[[ SOURCE MATERIAL, beginning ]]
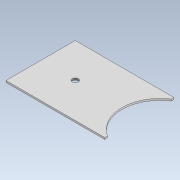
# Autodesk Inventor part: platina_1
Saved by Autodesk Inventor 2021 (Build 250183000, 183)
## iProperties
Created: 2021-04-25
Part Number: platina_1
Material: Genérico
Document SubType Name: Modeling
Designer: j2seb
Density: 1 g/cm^3
Appearance: Valor por defecto
Author: j2seb
Autodesk Inventor part; units mm, degrees
ref_plane "YZ Plane" through (0, 0, 0) normal (1, 0, 0) x (0, 1, 0)
ref_plane "XZ Plane" through (0, 0, 0) normal (0, 1, 0) x (-1, 0, 0)
ref_plane "XY Plane" through (0, 0, 0) normal (0, 0, 1) x (1, 0, 0)
sketch "Boceto1" plane through (0, 0, 0) normal (0, 1, 0) x (-1, 0, 0)
  line L0 (0, 0) -> (0, -40)
  line L1 (0, -40) -> (60, -40)
  line L2 (60, 0) -> (0, 0)
  line L3 (60, -40) -> (60, 0)
  dimension "d1" = 60
  dimension "d3" = 40
  constraints: 8 end point, 2 vertical, 1 horizontal, 1 parallel, 1 vertical alignment
  measures "d1" distance of L0.end L1.end
  measures "d3" distance of L0.start L0.end
extrude "Extrusión1" add sketch "Boceto1" along normal blind 1
sketch "Boceto2" plane through (0, 0, 0) normal (0, -1, 0) x (1, 0, 0)
  line L0 (0, 0) -> (0, -40) projected
  circle A0 centre (9, -20) radius 22
  point P0 (0, -20)
  dimension "d7" = 44
  dimension "d8" = 9
  constraints: 1 centre point, 1 horizontal alignment, 1 midpoint
  measures "d7" diameter of A0
  measures "d8" distance from line of A0.centre L0
extrude "Extrusión2" cut sketch "Boceto2" against normal through all
sketch "Boceto3" plane through (0, 1, 0) normal (0, 1, 0) x (1, 0, 0)
  arc A0 (-0.1652, 40) -> (-0.1652, 0) centre (9, 20) ccw projected
  line L0 (-0.1652, 40) -> (-60, 40) projected
  line L1 (-60, 40) -> (-60, 0) projected
  line L2 (-60, 0) -> (-0.1652, 0) projected
  line L3 (-60, 40) -> (-3, 40)
  line L4 (-3, 40) -> (-3, 0)
  line L5 (-3, 0) -> (-60, 0)
  line L6 (-60, 0) -> (-60, 40)
  point P0 (0, 0)
  point P1 (-3, 38.4391)
  point P2 (-3, 1.5609)
  dimension "d11" = 57
  constraints: 8 end point, 2 parallel, 1 horizontal, 1 perpendicular, 1 point on line
  measures "d11" distance between parallel lines of L1 L4
extrude "Extrusión3" cut sketch "Boceto3" against normal through all contours A0 L4 L2 L1 L0 keep common part
sketch "Boceto4" plane through (0, 0, 0) normal (0, -1, 0) x (1, 0, 0)
  point P0 (-40, -20)
hole "Agujero1" at (-40, 0, -20) direction (0, 1, 0) diameter 3.4 end through all
[[ SOURCE MATERIAL, end ]]
INSTRUCTIONS TO FOLLOW
Images must not appear in the copy; reproduce everything else in the records verbatim.

ANSWER TO THE PROBLEM
# Autodesk Inventor part: platina_1
Saved by Autodesk Inventor 2021 (Build 250183000, 183)
## iProperties
Created: 2021-04-25
Part Number: platina_1
Material: Genérico
Document SubType Name: Modeling
Designer: j2seb
Density: 1 g/cm^3
Appearance: Valor por defecto
Author: j2seb
Autodesk Inventor part; units mm, degrees
ref_plane "YZ Plane" through (0, 0, 0) normal (1, 0, 0) x (0, 1, 0)
ref_plane "XZ Plane" through (0, 0, 0) normal (0, 1, 0) x (-1, 0, 0)
ref_plane "XY Plane" through (0, 0, 0) normal (0, 0, 1) x (1, 0, 0)
sketch "Boceto1" plane through (0, 0, 0) normal (0, 1, 0) x (-1, 0, 0)
  line L0 (0, 0) -> (0, -40)
  line L1 (0, -40) -> (60, -40)
  line L2 (60, 0) -> (0, 0)
  line L3 (60, -40) -> (60, 0)
  dimension "d1" = 60
  dimension "d3" = 40
  constraints: 8 end point, 2 vertical, 1 horizontal, 1 parallel, 1 vertical alignment
  measures "d1" distance of L0.end L1.end
  measures "d3" distance of L0.start L0.end
extrude "Extrusión1" add sketch "Boceto1" along normal blind 1
sketch "Boceto2" plane through (0, 0, 0) normal (0, -1, 0) x (1, 0, 0)
  line L0 (0, 0) -> (0, -40) projected
  circle A0 centre (9, -20) radius 22
  point P0 (0, -20)
  dimension "d7" = 44
  dimension "d8" = 9
  constraints: 1 centre point, 1 horizontal alignment, 1 midpoint
  measures "d7" diameter of A0
  measures "d8" distance from line of A0.centre L0
extrude "Extrusión2" cut sketch "Boceto2" against normal through all
sketch "Boceto3" plane through (0, 1, 0) normal (0, 1, 0) x (1, 0, 0)
  arc A0 (-0.1652, 40) -> (-0.1652, 0) centre (9, 20) ccw projected
  line L0 (-0.1652, 40) -> (-60, 40) projected
  line L1 (-60, 40) -> (-60, 0) projected
  line L2 (-60, 0) -> (-0.1652, 0) projected
  line L3 (-60, 40) -> (-3, 40)
  line L4 (-3, 40) -> (-3, 0)
  line L5 (-3, 0) -> (-60, 0)
  line L6 (-60, 0) -> (-60, 40)
  point P0 (0, 0)
  point P1 (-3, 38.4391)
  point P2 (-3, 1.5609)
  dimension "d11" = 57
  constraints: 8 end point, 2 parallel, 1 horizontal, 1 perpendicular, 1 point on line
  measures "d11" distance between parallel lines of L1 L4
extrude "Extrusión3" cut sketch "Boceto3" against normal through all contours A0 L4 L2 L1 L0 keep common part
sketch "Boceto4" plane through (0, 0, 0) normal (0, -1, 0) x (1, 0, 0)
  point P0 (-40, -20)
hole "Agujero1" at (-40, 0, -20) direction (0, 1, 0) diameter 3.4 end through all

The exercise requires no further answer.